There has been a series of robberies at house parties recently. Each was clearly a one-man job — the same man each time — and each was an inside job. The possible suspects are Alan, Bryan, Chris, David, Eric, Fred, George, Harry, Ian, Jack, Ken and Len. The male guest list at the parties were as follows:

1. All but David, George and Len.
2. Bryan, Chris, Eric, Harry, Ian and Ken.
3. All but Bryan and Ken.
4. Chris and Ian.
5. All but Alan, Fred, Jack and Len.
6. Bryan, Chris, Ian and Ken.
7. All but Eric and Harry.
8. All but David and George.
9. All but Chris and Ian.
10. All but Alan and Fred.

Who carried out the robberies?

Which lists should you use in your puzzle?

[enigma402]

### One response to “Enigma 402: A DIY puzzle”

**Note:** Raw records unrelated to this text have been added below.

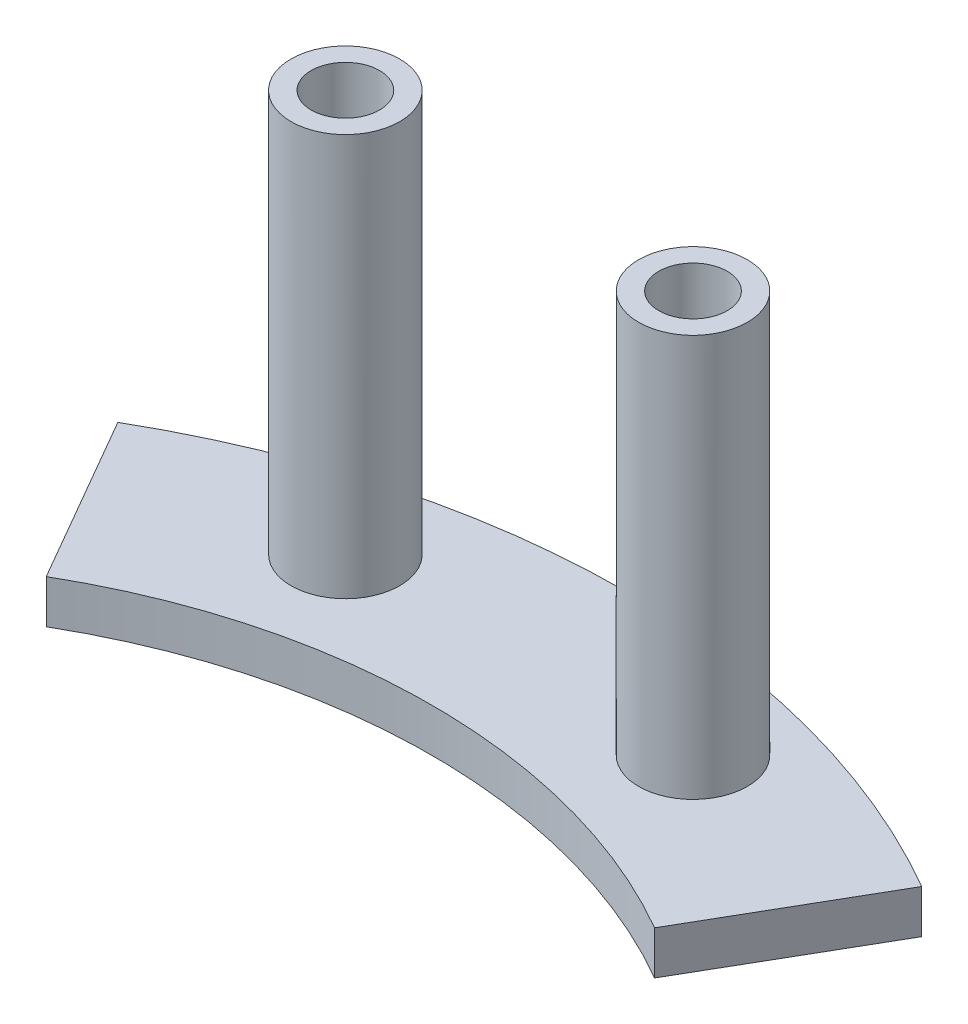
SolidWorks part; units mm, degrees
ref_plane "Front Plane" through (0, 0, 0) normal (0, 0, 1) x (1, 0, 0)
ref_plane "Top Plane" through (0, 0, 0) normal (0, 1, 0) x (1, 0, 0)
ref_plane "Right Plane" through (0, 0, 0) normal (1, 0, 0) x (0, 0, -1)
sketch "Sketch1" plane through (0, 0, 0) normal (0, 1, 0) x (1, 0, 0)
  line L0 (-14, 24.2487) -> (-18.5, 32.0429) construction
  line L1 (14, 24.2487) -> (18.5, 32.0429) construction
  line L2 (0, 0) -> (4, 0) construction
  line L3 (-18.5, 32.0429) -> (-14, 24.2487)
  line L4 (18.5, 32.0429) -> (14, 24.2487)
  circle A0 centre (0, 0) radius 28 construction
  circle A1 centre (0, 0) radius 37 construction
  arc A2 (-18.5, 32.0429) -> (18.5, 32.0429) centre (0, 0) cw
  arc A3 (-14, 24.2487) -> (14, 24.2487) centre (0, 0) cw
  arc A4 (-16.25, 28.1458) -> (16.25, 28.1458) centre (0, 0) cw construction
  dimension "D1" = 28
  dimension "D2" = 37
  dimension "D6" = 60
  dimension "D3" = 60
extrude "Boss-Extrude1" add sketch "Sketch1" along normal blind 2
sketch "Sketch2" plane through (0, 2, 0) normal (0, 1, 0) x (1, 0, 0)
  line L1 (14, 24.2487) -> (18.5, 32.0429) construction
  line L2 (-8, 32.0156) -> (8, 32.0156) construction
  line L3 (0, 32.0156) -> (0, 0) construction
  line L5 (-18.5, 32.0429) -> (-14, 24.2487) construction
  arc A0 (-16.5, 28.5788) -> (16.5, 28.5788) centre (0, 0) cw construction
  circle A1 centre (-8, 32.0156) radius 2.5
  circle A2 centre (8, 32.0156) radius 2.5
  dimension "D1" = 5
  dimension "D4" = 33
  dimension "D2" = 8
  dimension "D3" = 32.0156
extrude "Boss-Extrude2" add sketch "Sketch2" along normal blind 18.5
sketch "Sketch5" plane through (0, 20.5, 0) normal (0, 1, 0) x (1, 0, 0)
  circle A0 centre (-8, 32.0156) radius 1.575
  circle A2 centre (8, 32.0156) radius 1.575
  dimension "D1" = 3.15
extrude "Cut-Extrude1" cut sketch "Sketch5" against normal blind 3.5
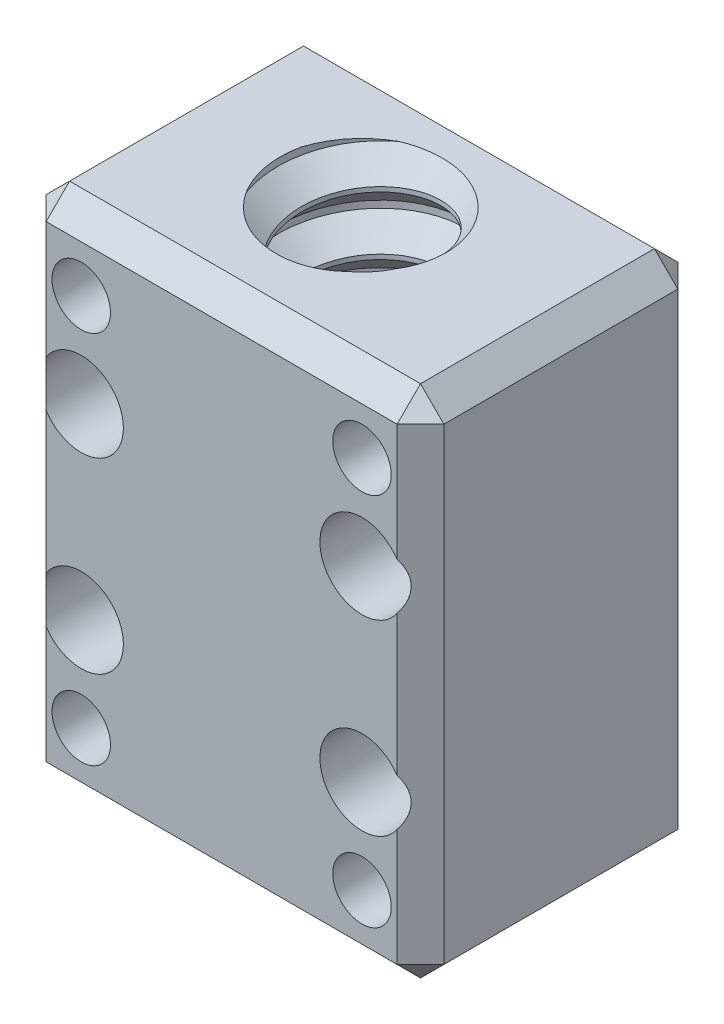
SolidWorks part; units mm, degrees
ref_plane "前视基准面" through (0, 0, 0) normal (0, 0, 1) x (1, 0, 0)
ref_plane "上视基准面" through (0, 0, 0) normal (0, 1, 0) x (1, 0, 0)
ref_plane "右视基准面" through (0, 0, 0) normal (1, 0, 0) x (0, 0, -1)
sketch "草图1" plane through (0, 0, 0) normal (0, 0, 1) x (1, 0, 0)
  line L1 (-8.5, -11) -> (8.5, -11)
  line L2 (-8.5, -11) -> (-8.5, 11)
  line L3 (-8.5, 11) -> (8.5, 11)
  line L4 (8.5, -11) -> (8.5, 11)
  line L5 (-8.5, -11) -> (8.5, 11) construction
  line L6 (-8.5, 11) -> (8.5, -11) construction
  point P0 (0, 0)
  dimension "D1" = 17
  dimension "D2" = 22
extrude "凸台-拉伸1" add sketch "草图1" along normal blind 12
sketch "草图2" plane through (0, -11, 0) normal (0, -1, 0) x (1, 0, 0)
  line L0 (-8.5, 6) -> (8.5, 6) construction
  line L1 (-8.5, 12) -> (-8.5, 0) construction
  line L2 (8.5, 12) -> (8.5, 0) construction
  line L3 (0, 0) -> (0, 12) construction
  line L4 (-8.5, 12) -> (8.5, 12) construction
  circle A0 centre (0, 6) radius 4
  dimension "D1" = 8
extrude "切除-拉伸1" cut sketch "草图2" against normal up to next
sketch "草图3" plane through (0, -11, 0) normal (0, -1, 0) x (1, 0, 0)
  circle A0 centre (0, 6) radius 4 construction
  circle A1 centre (0, 6) radius 4
curve "螺旋线/涡状线1" pitch 2.5 height 22.5 turns 9
sketch "草图6" plane through (0, 0, 0) normal (1, 0, 0) x (0, 0, -1)
  line L0 (-2, -8.8) -> (-2, -11)
  line L1 (-2, -11) -> (-3, -10)
  line L2 (-3, -10) -> (-3, -9.8)
  line L3 (-3, -9.8) -> (-2, -8.8)
  point P2 (-3, -9.9)
  point P5 (-2, -9.9)
  dimension "D1" = 2.2
  dimension "D2" = 1
  dimension "D3" = 45
sweep "扫描1" add profiles "草图6" path "螺旋线/涡状线1"
sketch "草图7" plane through (0, 11, 0) normal (0, 1, 0) x (1, 0, 0)
  circle A0 centre (0, -6) radius 15.4839
extrude "切除-拉伸3" cut sketch "草图7" along normal blind 30
sketch "草图8" plane through (0, 0, 12) normal (0, 0, 1) x (1, 0, 0)
  line L0 (-14.8745, 4) -> (15.9779, 4) construction
  line L1 (0, 6.1723) -> (0, -6.7506) construction
  line L2 (-2.9516, 0) -> (3.5387, 0) construction
  line L3 (0, -6.1723) -> (0, 6.7506) construction
  line L4 (-14.8745, -4) -> (15.9779, -4) construction
  circle A0 centre (6, 4) radius 1.1
  circle A1 centre (-6, 4) radius 1.1
  circle A2 centre (-6, -4) radius 1.1
  circle A3 centre (6, -4) radius 1.1
  dimension "D1" = 2.2
  dimension "D2" = 12
  dimension "D3" = 8
extrude "切除-拉伸4" cut sketch "草图8" against normal through all
sketch "草图9" plane through (0, 0, 12) normal (0, 0, 1) x (1, 0, 0)
  circle A0 centre (-6, 4) radius 1.8
  circle A1 centre (6, 4) radius 1.8
  circle A2 centre (6, -4) radius 1.8
  circle A3 centre (-6, -4) radius 1.8
  dimension "D1" = 3.6
  dimension "D2" = 3.6
  dimension "D3" = 3.6
  dimension "D4" = 3.6
extrude "切除-拉伸5" cut sketch "草图9" against normal blind 7
sketch "草图10" plane through (0, 0, 12) normal (0, 0, 1) x (1, 0, 0)
  line L0 (-9.8772, 0) -> (10.0907, 0) construction
  line L1 (0, 11.8176) -> (0, -11.5673) construction
  circle A0 centre (6, 8) radius 1.25
  circle A1 centre (-6, 8) radius 1.25
  circle A2 centre (6, -8) radius 1.25
  circle A3 centre (-6, -8) radius 1.25
  dimension "D1" = 2.5
  dimension "D2" = 8
  dimension "D3" = 6
extrude "切除-拉伸6" cut sketch "草图10" against normal blind 7
fillet "圆角1" radius 1 12 edges at (8.5, -11, 6) (8.5, 11, 6) (0, 11, 0) (0, -11, 0) (8.5, 0, 0) (0, -11, 12) (0, 11, 12) (8.5, 0, 12) (-8.5, 11, 6) (-8.5, 0, 12) (-8.5, -11, 6) (-8.5, 0, 0) profile chamfer

1. Jim Randell 23 June 2017 at 8:40 am

This Python program runs in 44ms.

from itertools import combinations
from enigma import irange, printf

# the lists of guests
guests = {
1: 'ABCEFHIJK',
2: 'BCEHIK',
3: 'ACDEFGHIJL',
4: 'CI',
5: 'BCDEGHIK',
6: 'BCIK',
7: 'ABCDFGIJKL',
8: 'ABCEFHIJKL',
9: 'ABDEFGHJKL',
10: 'BCDEGHIJKL',
}

# turn the guest lists into sets
for (k, v) in guests.items(): guests[k] = set(v)

# consider subsets of size k
for k in irange(2, 10):
ss = list()
for s in combinations(guests.keys(), k):
# find guests that are in all lists
gs = set.intersection(*(guests[i] for i in s))
if len(gs) == 1:
printf("[{k}: {s} -> {gs}]")
ss.append((s, gs.pop()))

if ss:
for (s, g) in ss:
printf("lists = {s}, robber = {g}")
break

Solution: The puzzle should use lists 1, 3, 7, 9, 10. The answer to the puzzle is that Jack is the robber.

The solution uses 5 of the lists, but we can also include list 8. But these are the only subsets that uniquely identify a single guest.